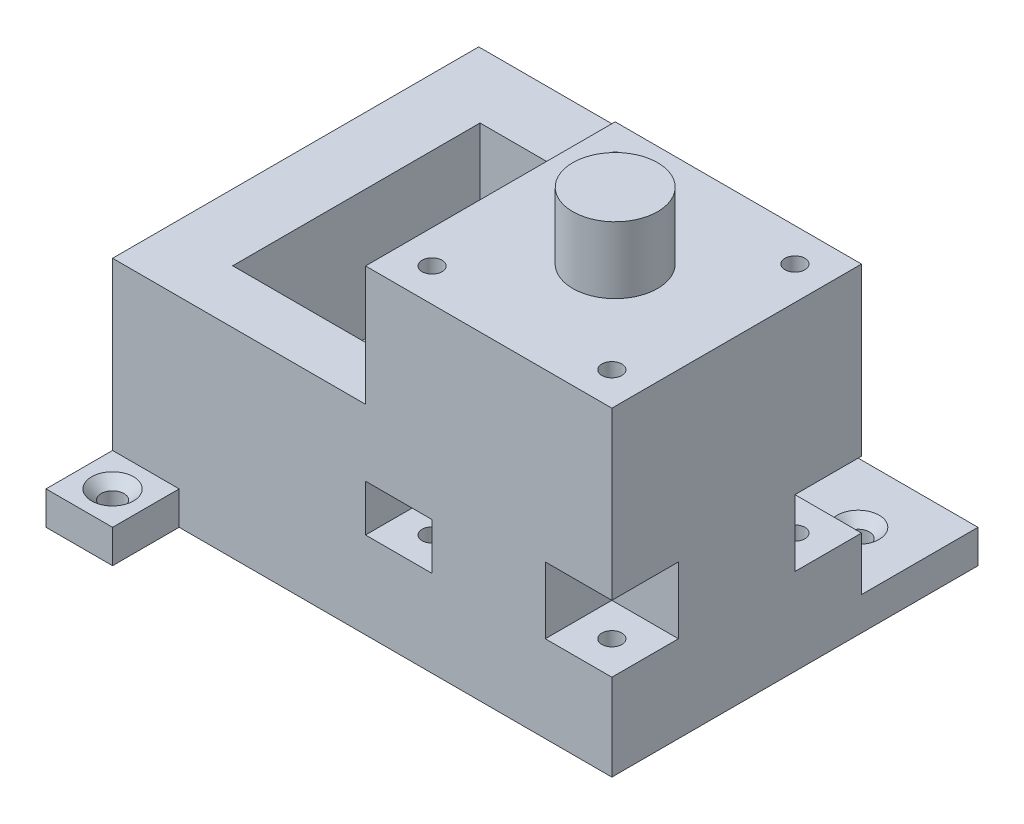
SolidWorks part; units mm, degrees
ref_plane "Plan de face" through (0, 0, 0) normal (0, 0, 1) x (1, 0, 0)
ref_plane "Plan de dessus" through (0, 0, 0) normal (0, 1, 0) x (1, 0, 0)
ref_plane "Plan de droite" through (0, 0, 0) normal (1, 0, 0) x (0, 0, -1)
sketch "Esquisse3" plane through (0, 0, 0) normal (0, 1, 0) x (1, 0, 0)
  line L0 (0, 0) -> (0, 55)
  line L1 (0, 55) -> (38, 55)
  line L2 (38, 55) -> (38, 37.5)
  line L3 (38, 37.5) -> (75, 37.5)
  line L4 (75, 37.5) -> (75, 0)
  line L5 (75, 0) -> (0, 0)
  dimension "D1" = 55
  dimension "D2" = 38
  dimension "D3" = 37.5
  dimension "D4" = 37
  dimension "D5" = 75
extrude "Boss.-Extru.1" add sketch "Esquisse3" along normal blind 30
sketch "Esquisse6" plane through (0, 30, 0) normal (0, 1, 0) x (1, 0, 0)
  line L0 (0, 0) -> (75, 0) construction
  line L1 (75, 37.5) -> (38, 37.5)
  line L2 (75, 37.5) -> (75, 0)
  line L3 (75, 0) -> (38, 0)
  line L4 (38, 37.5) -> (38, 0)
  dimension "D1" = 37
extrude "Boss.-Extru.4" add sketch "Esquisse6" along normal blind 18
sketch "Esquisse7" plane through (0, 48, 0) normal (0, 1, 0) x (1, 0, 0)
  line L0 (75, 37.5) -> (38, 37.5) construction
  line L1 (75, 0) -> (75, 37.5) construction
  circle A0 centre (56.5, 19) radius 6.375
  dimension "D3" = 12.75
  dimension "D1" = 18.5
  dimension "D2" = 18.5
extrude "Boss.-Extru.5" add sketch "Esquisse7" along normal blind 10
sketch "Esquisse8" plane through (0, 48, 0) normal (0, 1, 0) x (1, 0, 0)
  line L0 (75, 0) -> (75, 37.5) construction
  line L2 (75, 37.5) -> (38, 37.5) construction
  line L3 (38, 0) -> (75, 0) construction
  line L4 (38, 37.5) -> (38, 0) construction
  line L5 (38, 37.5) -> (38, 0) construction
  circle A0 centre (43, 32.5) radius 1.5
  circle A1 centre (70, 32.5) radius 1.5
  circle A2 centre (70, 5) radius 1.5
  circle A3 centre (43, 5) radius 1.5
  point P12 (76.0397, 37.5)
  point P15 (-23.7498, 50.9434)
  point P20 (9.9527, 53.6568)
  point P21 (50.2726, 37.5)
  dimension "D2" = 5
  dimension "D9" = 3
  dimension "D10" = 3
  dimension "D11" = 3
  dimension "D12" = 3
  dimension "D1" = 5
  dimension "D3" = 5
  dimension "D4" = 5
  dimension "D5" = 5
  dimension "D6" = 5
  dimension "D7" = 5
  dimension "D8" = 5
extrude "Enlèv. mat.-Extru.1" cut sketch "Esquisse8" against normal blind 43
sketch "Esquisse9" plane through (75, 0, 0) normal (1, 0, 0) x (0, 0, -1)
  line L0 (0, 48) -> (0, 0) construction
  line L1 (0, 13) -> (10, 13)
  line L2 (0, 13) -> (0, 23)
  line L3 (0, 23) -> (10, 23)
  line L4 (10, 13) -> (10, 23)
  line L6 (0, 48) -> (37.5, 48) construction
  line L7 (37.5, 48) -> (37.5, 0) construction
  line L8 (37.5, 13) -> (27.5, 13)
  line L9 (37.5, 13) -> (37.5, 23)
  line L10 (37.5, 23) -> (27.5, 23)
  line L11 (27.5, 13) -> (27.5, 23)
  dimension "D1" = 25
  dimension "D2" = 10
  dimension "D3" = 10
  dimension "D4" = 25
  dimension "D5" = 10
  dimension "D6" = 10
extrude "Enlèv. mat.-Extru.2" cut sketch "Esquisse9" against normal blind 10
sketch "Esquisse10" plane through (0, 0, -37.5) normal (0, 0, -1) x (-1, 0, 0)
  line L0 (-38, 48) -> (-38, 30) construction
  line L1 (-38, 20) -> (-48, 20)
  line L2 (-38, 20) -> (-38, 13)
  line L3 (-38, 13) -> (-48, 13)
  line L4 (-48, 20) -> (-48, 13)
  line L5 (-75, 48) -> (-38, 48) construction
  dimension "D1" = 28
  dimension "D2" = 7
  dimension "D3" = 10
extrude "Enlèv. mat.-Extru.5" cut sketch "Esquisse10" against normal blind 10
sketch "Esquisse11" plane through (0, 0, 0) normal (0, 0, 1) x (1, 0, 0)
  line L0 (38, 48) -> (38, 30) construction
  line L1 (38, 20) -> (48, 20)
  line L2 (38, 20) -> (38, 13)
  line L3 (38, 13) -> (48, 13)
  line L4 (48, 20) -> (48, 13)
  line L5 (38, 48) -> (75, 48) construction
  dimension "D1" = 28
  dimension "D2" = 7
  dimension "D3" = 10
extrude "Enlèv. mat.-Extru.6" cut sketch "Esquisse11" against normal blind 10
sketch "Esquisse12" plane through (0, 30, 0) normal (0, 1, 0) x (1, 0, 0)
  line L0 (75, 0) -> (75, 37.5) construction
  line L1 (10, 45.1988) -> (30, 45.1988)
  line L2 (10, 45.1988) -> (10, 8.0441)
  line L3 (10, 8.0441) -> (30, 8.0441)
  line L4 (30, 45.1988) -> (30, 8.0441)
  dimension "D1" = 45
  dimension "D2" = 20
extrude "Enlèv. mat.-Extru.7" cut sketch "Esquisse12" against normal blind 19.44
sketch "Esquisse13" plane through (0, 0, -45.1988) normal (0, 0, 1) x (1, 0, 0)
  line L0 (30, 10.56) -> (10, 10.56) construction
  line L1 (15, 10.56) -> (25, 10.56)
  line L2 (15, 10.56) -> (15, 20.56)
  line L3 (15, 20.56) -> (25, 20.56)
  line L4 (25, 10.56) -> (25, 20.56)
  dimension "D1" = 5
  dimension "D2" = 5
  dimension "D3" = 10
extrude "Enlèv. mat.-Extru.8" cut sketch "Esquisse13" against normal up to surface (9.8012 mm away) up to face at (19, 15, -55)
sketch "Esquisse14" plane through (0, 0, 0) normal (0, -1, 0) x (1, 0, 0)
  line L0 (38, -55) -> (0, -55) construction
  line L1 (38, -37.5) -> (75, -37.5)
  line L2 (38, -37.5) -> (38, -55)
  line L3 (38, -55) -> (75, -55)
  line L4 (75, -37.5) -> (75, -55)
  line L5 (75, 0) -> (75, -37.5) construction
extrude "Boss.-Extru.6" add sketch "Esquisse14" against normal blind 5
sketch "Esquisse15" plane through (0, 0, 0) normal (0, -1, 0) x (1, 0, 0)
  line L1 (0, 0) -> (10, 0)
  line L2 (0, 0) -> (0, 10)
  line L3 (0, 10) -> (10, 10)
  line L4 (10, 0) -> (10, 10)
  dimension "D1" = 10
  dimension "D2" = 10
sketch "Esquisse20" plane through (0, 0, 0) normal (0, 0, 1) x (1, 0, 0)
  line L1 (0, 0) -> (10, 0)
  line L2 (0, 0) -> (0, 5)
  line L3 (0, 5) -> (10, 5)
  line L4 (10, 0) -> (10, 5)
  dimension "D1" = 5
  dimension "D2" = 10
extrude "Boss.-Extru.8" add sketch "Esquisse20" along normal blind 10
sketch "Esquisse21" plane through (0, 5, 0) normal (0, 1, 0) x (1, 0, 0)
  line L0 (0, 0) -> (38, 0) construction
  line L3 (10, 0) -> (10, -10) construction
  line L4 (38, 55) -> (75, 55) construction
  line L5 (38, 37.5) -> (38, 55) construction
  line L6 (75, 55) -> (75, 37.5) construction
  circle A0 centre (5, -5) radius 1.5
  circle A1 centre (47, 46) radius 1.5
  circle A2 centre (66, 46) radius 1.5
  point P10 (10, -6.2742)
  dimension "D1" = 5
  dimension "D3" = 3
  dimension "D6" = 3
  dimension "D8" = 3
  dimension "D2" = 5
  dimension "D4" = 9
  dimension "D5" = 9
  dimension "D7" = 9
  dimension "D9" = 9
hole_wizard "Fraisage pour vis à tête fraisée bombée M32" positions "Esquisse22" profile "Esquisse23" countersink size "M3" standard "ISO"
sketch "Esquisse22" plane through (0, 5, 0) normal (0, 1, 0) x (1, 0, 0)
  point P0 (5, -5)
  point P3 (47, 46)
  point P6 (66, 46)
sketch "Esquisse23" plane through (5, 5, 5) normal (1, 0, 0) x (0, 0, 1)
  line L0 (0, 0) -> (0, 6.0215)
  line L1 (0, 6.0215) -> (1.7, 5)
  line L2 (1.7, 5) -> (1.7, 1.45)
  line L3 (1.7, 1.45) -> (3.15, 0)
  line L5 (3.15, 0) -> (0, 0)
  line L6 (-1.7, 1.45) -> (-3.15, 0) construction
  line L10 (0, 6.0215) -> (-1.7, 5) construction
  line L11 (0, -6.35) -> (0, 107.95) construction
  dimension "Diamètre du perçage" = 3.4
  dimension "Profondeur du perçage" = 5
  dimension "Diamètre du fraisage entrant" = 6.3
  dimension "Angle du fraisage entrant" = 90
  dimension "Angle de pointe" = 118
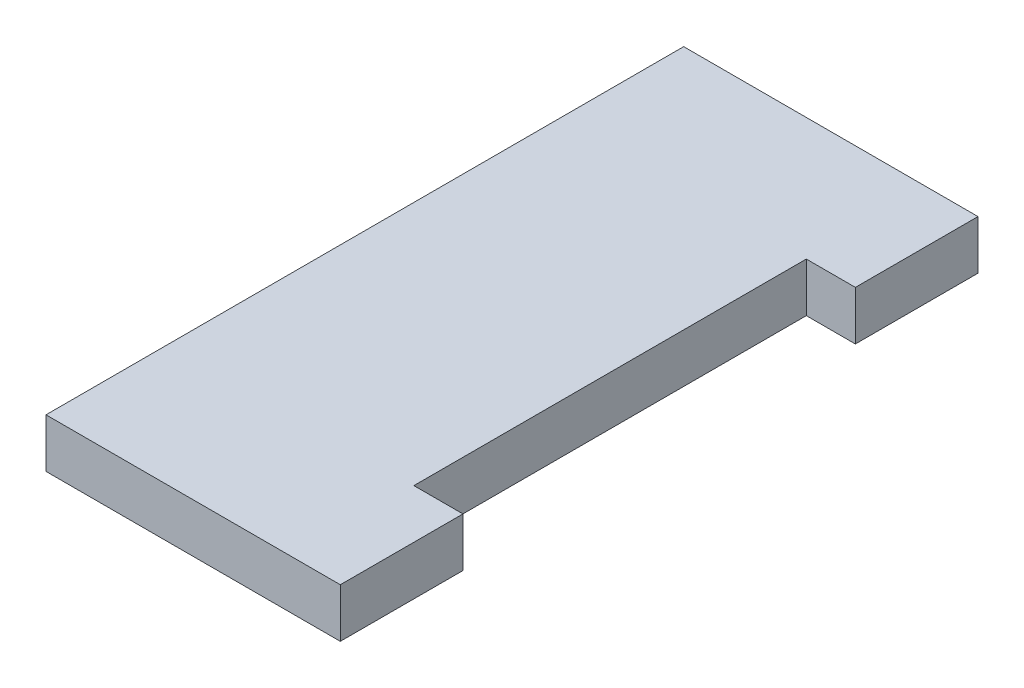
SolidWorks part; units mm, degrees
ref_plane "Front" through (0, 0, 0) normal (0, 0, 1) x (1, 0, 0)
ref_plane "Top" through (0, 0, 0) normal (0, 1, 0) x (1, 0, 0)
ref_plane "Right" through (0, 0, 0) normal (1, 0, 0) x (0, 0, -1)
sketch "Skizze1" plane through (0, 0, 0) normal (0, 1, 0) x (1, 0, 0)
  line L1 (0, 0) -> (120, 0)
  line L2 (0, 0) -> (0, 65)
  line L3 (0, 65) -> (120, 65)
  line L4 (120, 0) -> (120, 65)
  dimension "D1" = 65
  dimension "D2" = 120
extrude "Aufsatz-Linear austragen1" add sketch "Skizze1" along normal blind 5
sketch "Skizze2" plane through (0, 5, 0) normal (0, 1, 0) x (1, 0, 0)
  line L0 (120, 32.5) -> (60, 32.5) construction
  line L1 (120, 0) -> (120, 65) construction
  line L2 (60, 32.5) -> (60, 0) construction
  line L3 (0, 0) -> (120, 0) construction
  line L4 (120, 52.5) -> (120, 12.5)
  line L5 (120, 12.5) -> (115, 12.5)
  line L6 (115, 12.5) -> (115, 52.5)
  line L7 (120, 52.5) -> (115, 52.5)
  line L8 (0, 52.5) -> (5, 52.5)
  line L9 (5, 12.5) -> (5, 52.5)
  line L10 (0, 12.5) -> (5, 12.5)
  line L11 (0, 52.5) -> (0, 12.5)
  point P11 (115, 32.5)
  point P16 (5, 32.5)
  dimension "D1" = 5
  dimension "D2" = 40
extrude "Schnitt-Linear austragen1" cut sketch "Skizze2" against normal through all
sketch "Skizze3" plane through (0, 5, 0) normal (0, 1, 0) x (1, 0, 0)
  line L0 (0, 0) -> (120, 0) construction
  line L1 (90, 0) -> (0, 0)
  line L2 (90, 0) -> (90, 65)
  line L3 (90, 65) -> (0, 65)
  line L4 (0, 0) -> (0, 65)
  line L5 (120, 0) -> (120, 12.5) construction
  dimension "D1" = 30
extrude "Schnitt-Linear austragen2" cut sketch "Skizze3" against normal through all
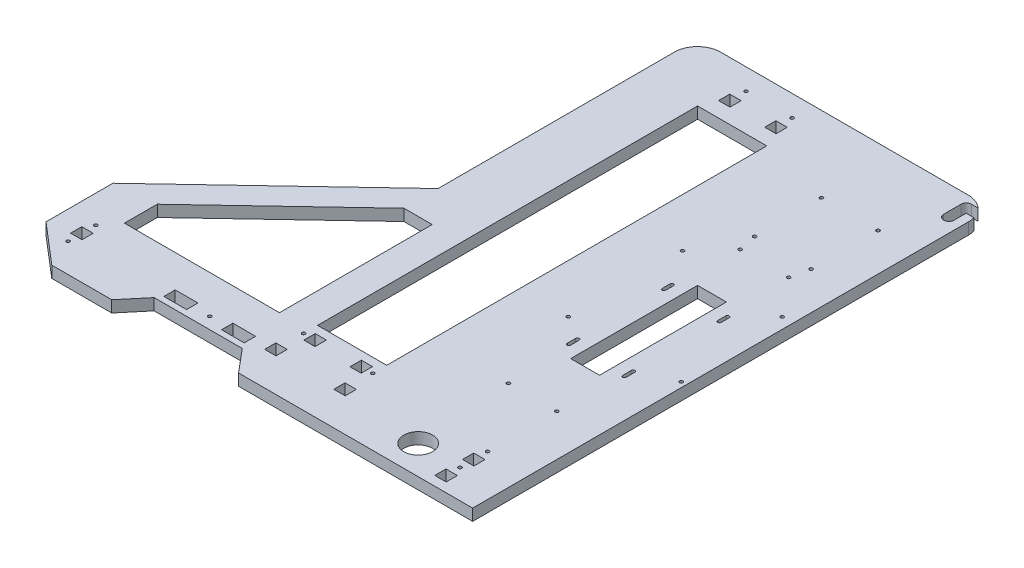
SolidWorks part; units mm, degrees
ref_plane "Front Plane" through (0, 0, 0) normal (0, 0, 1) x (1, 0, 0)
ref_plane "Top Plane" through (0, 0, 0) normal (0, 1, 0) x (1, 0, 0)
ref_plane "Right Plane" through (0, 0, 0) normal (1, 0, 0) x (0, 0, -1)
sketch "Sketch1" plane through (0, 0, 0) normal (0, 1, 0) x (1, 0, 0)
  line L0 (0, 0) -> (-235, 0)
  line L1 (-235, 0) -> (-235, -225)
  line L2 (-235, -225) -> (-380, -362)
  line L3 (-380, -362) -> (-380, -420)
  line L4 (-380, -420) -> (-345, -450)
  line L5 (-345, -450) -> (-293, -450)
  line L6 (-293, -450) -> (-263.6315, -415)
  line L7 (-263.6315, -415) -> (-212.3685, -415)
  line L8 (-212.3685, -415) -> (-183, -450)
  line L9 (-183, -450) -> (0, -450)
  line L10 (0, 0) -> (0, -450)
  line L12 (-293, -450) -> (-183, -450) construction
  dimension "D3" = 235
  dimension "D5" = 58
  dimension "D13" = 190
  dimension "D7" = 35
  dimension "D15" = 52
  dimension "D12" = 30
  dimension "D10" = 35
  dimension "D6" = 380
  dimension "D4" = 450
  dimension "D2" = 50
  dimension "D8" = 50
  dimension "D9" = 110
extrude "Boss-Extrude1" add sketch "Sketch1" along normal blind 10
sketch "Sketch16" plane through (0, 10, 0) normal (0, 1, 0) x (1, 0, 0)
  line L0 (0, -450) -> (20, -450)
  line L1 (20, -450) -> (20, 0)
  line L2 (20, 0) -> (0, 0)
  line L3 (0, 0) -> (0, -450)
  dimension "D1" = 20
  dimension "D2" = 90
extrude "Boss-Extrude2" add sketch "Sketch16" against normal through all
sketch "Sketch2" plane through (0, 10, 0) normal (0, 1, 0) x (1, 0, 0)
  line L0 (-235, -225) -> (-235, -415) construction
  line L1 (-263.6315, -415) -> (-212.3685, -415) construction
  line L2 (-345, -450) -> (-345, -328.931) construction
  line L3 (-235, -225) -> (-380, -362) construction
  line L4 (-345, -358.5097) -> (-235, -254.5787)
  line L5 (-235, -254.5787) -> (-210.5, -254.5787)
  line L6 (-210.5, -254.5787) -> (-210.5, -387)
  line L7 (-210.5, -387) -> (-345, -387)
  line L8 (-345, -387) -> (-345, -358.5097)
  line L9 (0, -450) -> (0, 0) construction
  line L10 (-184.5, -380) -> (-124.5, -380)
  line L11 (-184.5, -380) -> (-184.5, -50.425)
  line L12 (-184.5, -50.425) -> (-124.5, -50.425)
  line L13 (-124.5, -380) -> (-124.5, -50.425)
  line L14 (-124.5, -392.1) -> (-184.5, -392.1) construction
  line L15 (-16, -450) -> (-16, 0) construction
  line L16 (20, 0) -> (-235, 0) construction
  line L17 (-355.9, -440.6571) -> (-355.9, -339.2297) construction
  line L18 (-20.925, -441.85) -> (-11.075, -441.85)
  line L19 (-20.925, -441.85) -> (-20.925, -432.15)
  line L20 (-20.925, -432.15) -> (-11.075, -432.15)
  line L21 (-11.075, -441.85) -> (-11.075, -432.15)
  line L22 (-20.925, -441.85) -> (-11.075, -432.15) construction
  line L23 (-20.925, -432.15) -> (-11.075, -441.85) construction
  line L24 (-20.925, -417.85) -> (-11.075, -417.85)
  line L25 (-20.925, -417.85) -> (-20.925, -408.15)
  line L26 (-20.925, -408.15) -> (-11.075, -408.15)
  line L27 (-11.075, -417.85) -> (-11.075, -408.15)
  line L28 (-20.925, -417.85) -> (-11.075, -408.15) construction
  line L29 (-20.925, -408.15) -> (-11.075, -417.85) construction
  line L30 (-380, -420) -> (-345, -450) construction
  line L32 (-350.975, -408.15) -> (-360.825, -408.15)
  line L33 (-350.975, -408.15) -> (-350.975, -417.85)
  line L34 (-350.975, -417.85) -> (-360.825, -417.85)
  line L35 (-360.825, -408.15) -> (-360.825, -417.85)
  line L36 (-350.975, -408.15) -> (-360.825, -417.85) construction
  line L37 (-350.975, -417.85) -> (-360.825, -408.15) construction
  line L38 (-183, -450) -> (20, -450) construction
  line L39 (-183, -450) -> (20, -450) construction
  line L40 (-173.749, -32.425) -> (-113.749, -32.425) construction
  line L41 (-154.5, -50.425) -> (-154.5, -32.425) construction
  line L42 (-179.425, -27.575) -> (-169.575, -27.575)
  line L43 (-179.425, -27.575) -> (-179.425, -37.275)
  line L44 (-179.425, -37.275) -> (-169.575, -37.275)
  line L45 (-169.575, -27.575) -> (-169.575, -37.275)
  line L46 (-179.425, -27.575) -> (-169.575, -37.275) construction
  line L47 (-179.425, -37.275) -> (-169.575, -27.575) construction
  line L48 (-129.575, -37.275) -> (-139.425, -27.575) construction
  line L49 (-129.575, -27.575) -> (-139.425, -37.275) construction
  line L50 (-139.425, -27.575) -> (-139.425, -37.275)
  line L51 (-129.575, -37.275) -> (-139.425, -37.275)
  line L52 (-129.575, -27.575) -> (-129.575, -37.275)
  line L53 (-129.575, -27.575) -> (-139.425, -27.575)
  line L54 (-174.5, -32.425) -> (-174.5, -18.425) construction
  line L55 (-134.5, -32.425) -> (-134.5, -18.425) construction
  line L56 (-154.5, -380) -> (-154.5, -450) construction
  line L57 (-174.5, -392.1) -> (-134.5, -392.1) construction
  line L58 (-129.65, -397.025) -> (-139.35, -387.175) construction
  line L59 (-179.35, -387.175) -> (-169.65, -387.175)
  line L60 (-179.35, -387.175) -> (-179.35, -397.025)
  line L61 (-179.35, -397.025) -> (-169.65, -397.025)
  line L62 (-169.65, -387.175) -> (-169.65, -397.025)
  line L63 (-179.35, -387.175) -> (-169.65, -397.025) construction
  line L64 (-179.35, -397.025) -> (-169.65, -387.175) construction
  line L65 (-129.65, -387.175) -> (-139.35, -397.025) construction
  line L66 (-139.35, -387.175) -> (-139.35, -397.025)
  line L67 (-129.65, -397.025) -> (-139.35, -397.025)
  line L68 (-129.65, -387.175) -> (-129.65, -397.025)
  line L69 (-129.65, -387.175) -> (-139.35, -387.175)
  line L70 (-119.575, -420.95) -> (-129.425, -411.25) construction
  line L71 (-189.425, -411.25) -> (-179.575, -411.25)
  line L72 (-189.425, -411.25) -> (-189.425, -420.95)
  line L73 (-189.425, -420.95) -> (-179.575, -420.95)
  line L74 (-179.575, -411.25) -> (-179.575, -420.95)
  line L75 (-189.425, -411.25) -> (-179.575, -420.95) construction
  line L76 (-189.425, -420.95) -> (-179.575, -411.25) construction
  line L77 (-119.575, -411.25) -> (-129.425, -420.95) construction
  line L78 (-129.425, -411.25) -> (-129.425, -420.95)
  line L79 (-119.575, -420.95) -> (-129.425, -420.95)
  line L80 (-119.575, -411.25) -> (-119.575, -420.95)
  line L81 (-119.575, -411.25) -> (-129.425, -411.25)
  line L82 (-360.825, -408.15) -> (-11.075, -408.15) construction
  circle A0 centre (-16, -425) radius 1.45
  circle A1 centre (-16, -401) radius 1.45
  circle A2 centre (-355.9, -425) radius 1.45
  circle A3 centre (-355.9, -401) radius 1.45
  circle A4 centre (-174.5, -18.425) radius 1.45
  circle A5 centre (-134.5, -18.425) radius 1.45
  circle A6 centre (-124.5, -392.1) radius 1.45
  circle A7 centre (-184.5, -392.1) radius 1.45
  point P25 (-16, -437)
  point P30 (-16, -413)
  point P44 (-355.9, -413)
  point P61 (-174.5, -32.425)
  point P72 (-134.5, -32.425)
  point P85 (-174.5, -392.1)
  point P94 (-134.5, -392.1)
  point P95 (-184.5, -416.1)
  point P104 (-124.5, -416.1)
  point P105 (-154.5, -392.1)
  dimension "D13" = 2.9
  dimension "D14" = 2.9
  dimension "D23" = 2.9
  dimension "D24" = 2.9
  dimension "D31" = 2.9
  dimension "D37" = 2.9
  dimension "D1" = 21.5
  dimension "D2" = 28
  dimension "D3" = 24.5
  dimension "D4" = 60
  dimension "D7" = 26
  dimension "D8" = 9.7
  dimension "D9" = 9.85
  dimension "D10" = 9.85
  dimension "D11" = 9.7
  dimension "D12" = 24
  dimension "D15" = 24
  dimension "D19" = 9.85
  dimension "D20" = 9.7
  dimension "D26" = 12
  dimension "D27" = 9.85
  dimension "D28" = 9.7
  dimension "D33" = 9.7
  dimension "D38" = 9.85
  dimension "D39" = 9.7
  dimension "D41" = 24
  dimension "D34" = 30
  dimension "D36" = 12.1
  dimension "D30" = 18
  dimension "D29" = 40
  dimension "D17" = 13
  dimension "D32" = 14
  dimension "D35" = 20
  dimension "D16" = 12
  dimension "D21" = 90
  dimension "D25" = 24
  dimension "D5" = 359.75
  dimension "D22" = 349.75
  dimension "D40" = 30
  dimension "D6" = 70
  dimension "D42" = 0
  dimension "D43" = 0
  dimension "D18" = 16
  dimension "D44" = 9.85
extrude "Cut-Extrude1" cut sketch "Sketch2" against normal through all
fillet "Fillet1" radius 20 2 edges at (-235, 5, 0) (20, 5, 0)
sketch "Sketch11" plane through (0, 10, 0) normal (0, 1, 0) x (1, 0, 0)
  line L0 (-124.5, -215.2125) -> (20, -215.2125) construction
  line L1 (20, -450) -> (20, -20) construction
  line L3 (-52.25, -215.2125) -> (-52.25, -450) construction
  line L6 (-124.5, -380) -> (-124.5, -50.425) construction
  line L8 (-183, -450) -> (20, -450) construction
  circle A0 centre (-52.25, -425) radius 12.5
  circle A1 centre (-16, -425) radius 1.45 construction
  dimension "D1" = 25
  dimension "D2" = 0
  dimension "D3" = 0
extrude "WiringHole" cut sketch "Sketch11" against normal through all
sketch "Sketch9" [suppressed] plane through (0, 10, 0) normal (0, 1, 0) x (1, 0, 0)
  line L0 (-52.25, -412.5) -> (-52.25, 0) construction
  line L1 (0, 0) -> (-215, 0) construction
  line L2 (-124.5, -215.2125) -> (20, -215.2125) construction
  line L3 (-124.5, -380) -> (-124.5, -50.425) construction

#### Your assignment
Take from the material above the lines running from the one with "line L30 (-380, -420)" through the one with "line L51 (-129.575, -37.275)", and repeat them exactly, with nothing else.

#### Answer below
  line L30 (-380, -420) -> (-345, -450) construction
  line L32 (-350.975, -408.15) -> (-360.825, -408.15)
  line L33 (-350.975, -408.15) -> (-350.975, -417.85)
  line L34 (-350.975, -417.85) -> (-360.825, -417.85)
  line L35 (-360.825, -408.15) -> (-360.825, -417.85)
  line L36 (-350.975, -408.15) -> (-360.825, -417.85) construction
  line L37 (-350.975, -417.85) -> (-360.825, -408.15) construction
  line L38 (-183, -450) -> (20, -450) construction
  line L39 (-183, -450) -> (20, -450) construction
  line L40 (-173.749, -32.425) -> (-113.749, -32.425) construction
  line L41 (-154.5, -50.425) -> (-154.5, -32.425) construction
  line L42 (-179.425, -27.575) -> (-169.575, -27.575)
  line L43 (-179.425, -27.575) -> (-179.425, -37.275)
  line L44 (-179.425, -37.275) -> (-169.575, -37.275)
  line L45 (-169.575, -27.575) -> (-169.575, -37.275)
  line L46 (-179.425, -27.575) -> (-169.575, -37.275) construction
  line L47 (-179.425, -37.275) -> (-169.575, -27.575) construction
  line L48 (-129.575, -37.275) -> (-139.425, -27.575) construction
  line L49 (-129.575, -27.575) -> (-139.425, -37.275) construction
  line L50 (-139.425, -27.575) -> (-139.425, -37.275)
  line L51 (-129.575, -37.275) -> (-139.425, -37.275)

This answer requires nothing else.